Design and evaluation of group-specific oligonucleotide probes for quantitative analysis of intestinal ecosystems: their application to assessment of equine colonic microflora - PubMed (original) (raw)
Design and evaluation of group-specific oligonucleotide probes for quantitative analysis of intestinal ecosystems: their application to assessment of equine colonic microflora
Kristian Daly et al.
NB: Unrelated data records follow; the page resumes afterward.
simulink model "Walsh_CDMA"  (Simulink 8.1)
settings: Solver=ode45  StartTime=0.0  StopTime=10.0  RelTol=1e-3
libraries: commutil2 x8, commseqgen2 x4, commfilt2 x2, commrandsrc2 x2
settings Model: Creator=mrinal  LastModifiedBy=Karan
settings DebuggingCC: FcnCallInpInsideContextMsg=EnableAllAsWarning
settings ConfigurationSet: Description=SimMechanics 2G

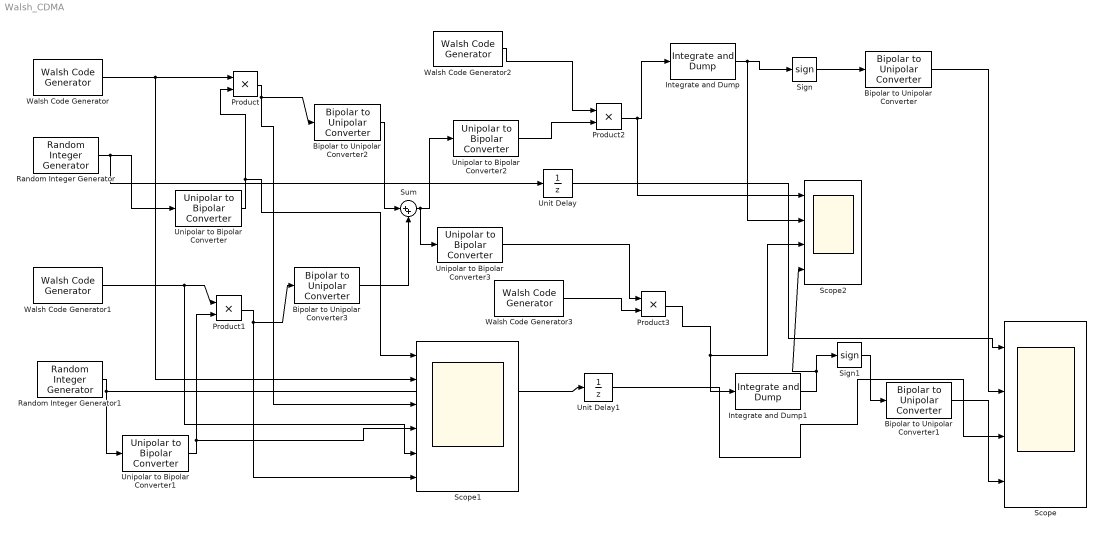
== system Walsh_CDMA ==
  Bipolar to Unipolar Converter{,1..3} (4 alike) : commutil2/Bipolar to Unipolar Converter  M=2  polarity=Positive  dataType=Inherit via internal rule
  Integrate and Dump : commfilt2/Integrate and Dump  obssamples=10  offsetsamples=0  nodump=off  roundingMode=Floor  overflowMode=off
  Integrate and Dump1 : commfilt2/Integrate and Dump  obssamples=10  offsetsamples=0  nodump=off  roundingMode=Floor  overflowMode=off
  Product{,1..3} (4 alike) : Product  RndMeth=Zero
  Random Integer Generator : commrandsrc2/Random Integer Generator  mul=2  seed=37  Ts=1  frameBased=off  sampPerFrame=1  orient=off  outDataType=double
  Random Integer Generator1 : commrandsrc2/Random Integer Generator  mul=2  seed=40  Ts=1  frameBased=off  sampPerFrame=1  orient=off  outDataType=double
  Scope : Scope  NumInputPorts=4
      settings: YMin=-5~-5~-5~-5  YMax=5~5~5~5  SampleInput=on  SampleTime=1
  Scope1 : Scope  NumInputPorts=6
      settings: YMin=-5~-5~-5~-5~-5~-5  YMax=5~5~5~5~5~5
  Scope2 : Scope  NumInputPorts=4
      settings: YMin=-5~-5~-5~-5  YMax=5~5~5~5  SaveName=ScopeData2
  Sign : Signum
  Sign1 : Signum
  Sum : Sum  Inputs=|++
  Unipolar to Bipolar Converter{,1..3} (4 alike) : commutil2/Unipolar to Bipolar Converter  M=2  polarity=Positive  dataType=Inherit via internal rule
  Unit Delay : UnitDelay  SampleTime=-1
  Unit Delay1 : UnitDelay  SampleTime=-1
  Walsh Code Generator : commseqgen2/Walsh Code Generator  length=64  index=60  ts=.1  frameBased=off  sampPerFrame=10  outDataType=double
  Walsh Code Generator1 : commseqgen2/Walsh Code Generator  length=64  index=55  ts=.1  frameBased=off  sampPerFrame=10  outDataType=double
  Walsh Code Generator2 : commseqgen2/Walsh Code Generator  length=64  index=60  ts=.1  frameBased=off  sampPerFrame=10  outDataType=double
  Walsh Code Generator3 : commseqgen2/Walsh Code Generator  length=64  index=55  ts=.1  frameBased=off  sampPerFrame=10  outDataType=double
  wires:
  Walsh Code Generator/1 -> Product/1, Scope1/2
  Walsh Code Generator2/1 -> Product2/1
  Product/1 -> Scope1/3, Bipolar to Unipolar Converter2/1
  Random Integer Generator/1 -> Unipolar to Bipolar Converter/1, Unit Delay/1
  Unipolar to Bipolar Converter/1 -> Product/2, Scope1/1
  Walsh Code Generator1/1 -> Product1/1, Scope1/5
  Random Integer Generator1/1 -> Unit Delay1/1, Unipolar to Bipolar Converter1/1
  Unipolar to Bipolar Converter1/1 -> Product1/2, Scope1/4
  Product1/1 -> Scope1/6, Bipolar to Unipolar Converter3/1
  Walsh Code Generator3/1 -> Product3/2
  Product2/1 -> Integrate and Dump/1, Scope2/1
  Product3/1 -> Integrate and Dump1/1, Scope2/3
  Integrate and Dump/1 -> Scope2/2, Sign/1
  Integrate and Dump1/1 -> Sign1/1, Scope2/4
  Sign/1 -> Bipolar to Unipolar Converter/1
  Sign1/1 -> Bipolar to Unipolar Converter1/1
  Bipolar to Unipolar Converter2/1 -> Sum/1
  Bipolar to Unipolar Converter3/1 -> Sum/2
  Sum/1 -> Unipolar to Bipolar Converter2/1, Unipolar to Bipolar Converter3/1
  Unipolar to Bipolar Converter2/1 -> Product2/2
  Unipolar to Bipolar Converter3/1 -> Product3/1
  Bipolar to Unipolar Converter/1 -> Scope/2
  Bipolar to Unipolar Converter1/1 -> Scope/4
  Unit Delay/1 -> Scope/1
  Unit Delay1/1 -> Scope/3

FEMS Microbiol Ecol. 2003.
Free article
Abstract
Nine oligonucleotide probes complementary to conserved regions of small subunit rRNA from phylogenetically defined clusters of intestinal anaerobic bacteria were designed and evaluated for use in quantitative analysis of intestinal microflora. Optimum wash temperatures (T(w)) were determined according to the temperature of dissociation (T(d)) of each probe and target group specificity was demonstrated by comparing hybridisation to target and non-target rRNA immobilised on nylon membranes. Three probes are targeted to phylogenetic clusters of Clostridiaceae, clusters III, IV and IX, with three probes designed to target previously undefined clusters within the low %G+C Gram-positive phyla. The remaining three probes encompass the Cytophaga-Flexibacter-Bacteroides assemblage, the Bacillus-Lactobacillus-Streptococcus group and the Spirochaetaceae. Application of these probes, alongside available probes targeted to other intestinal bacterial groups, against rRNA extracted from equine colonic samples has provided the first quantitative data on the predominant bacterial populations inhabiting the equine large intestine. Results show the Spirochaetaceae, the Cytophaga-Flexibacter-Bacteroides assemblage, the Eubacterium rectale-Clostridium coccoides group, and 'Unknown cluster C' of the Clostridiaceae to be the largest populations in the equine gut, each comprising 10-30% of the total microflora in each horse sampled. Other detected notable populations were the Bacillus-Lactobacillus-Streptococcus group, Fibrobacter and 'Unknown cluster B', each comprising 1-10% of the total flora. Average coverage using the suite of probes described here exceeded 75% of the total microbial community.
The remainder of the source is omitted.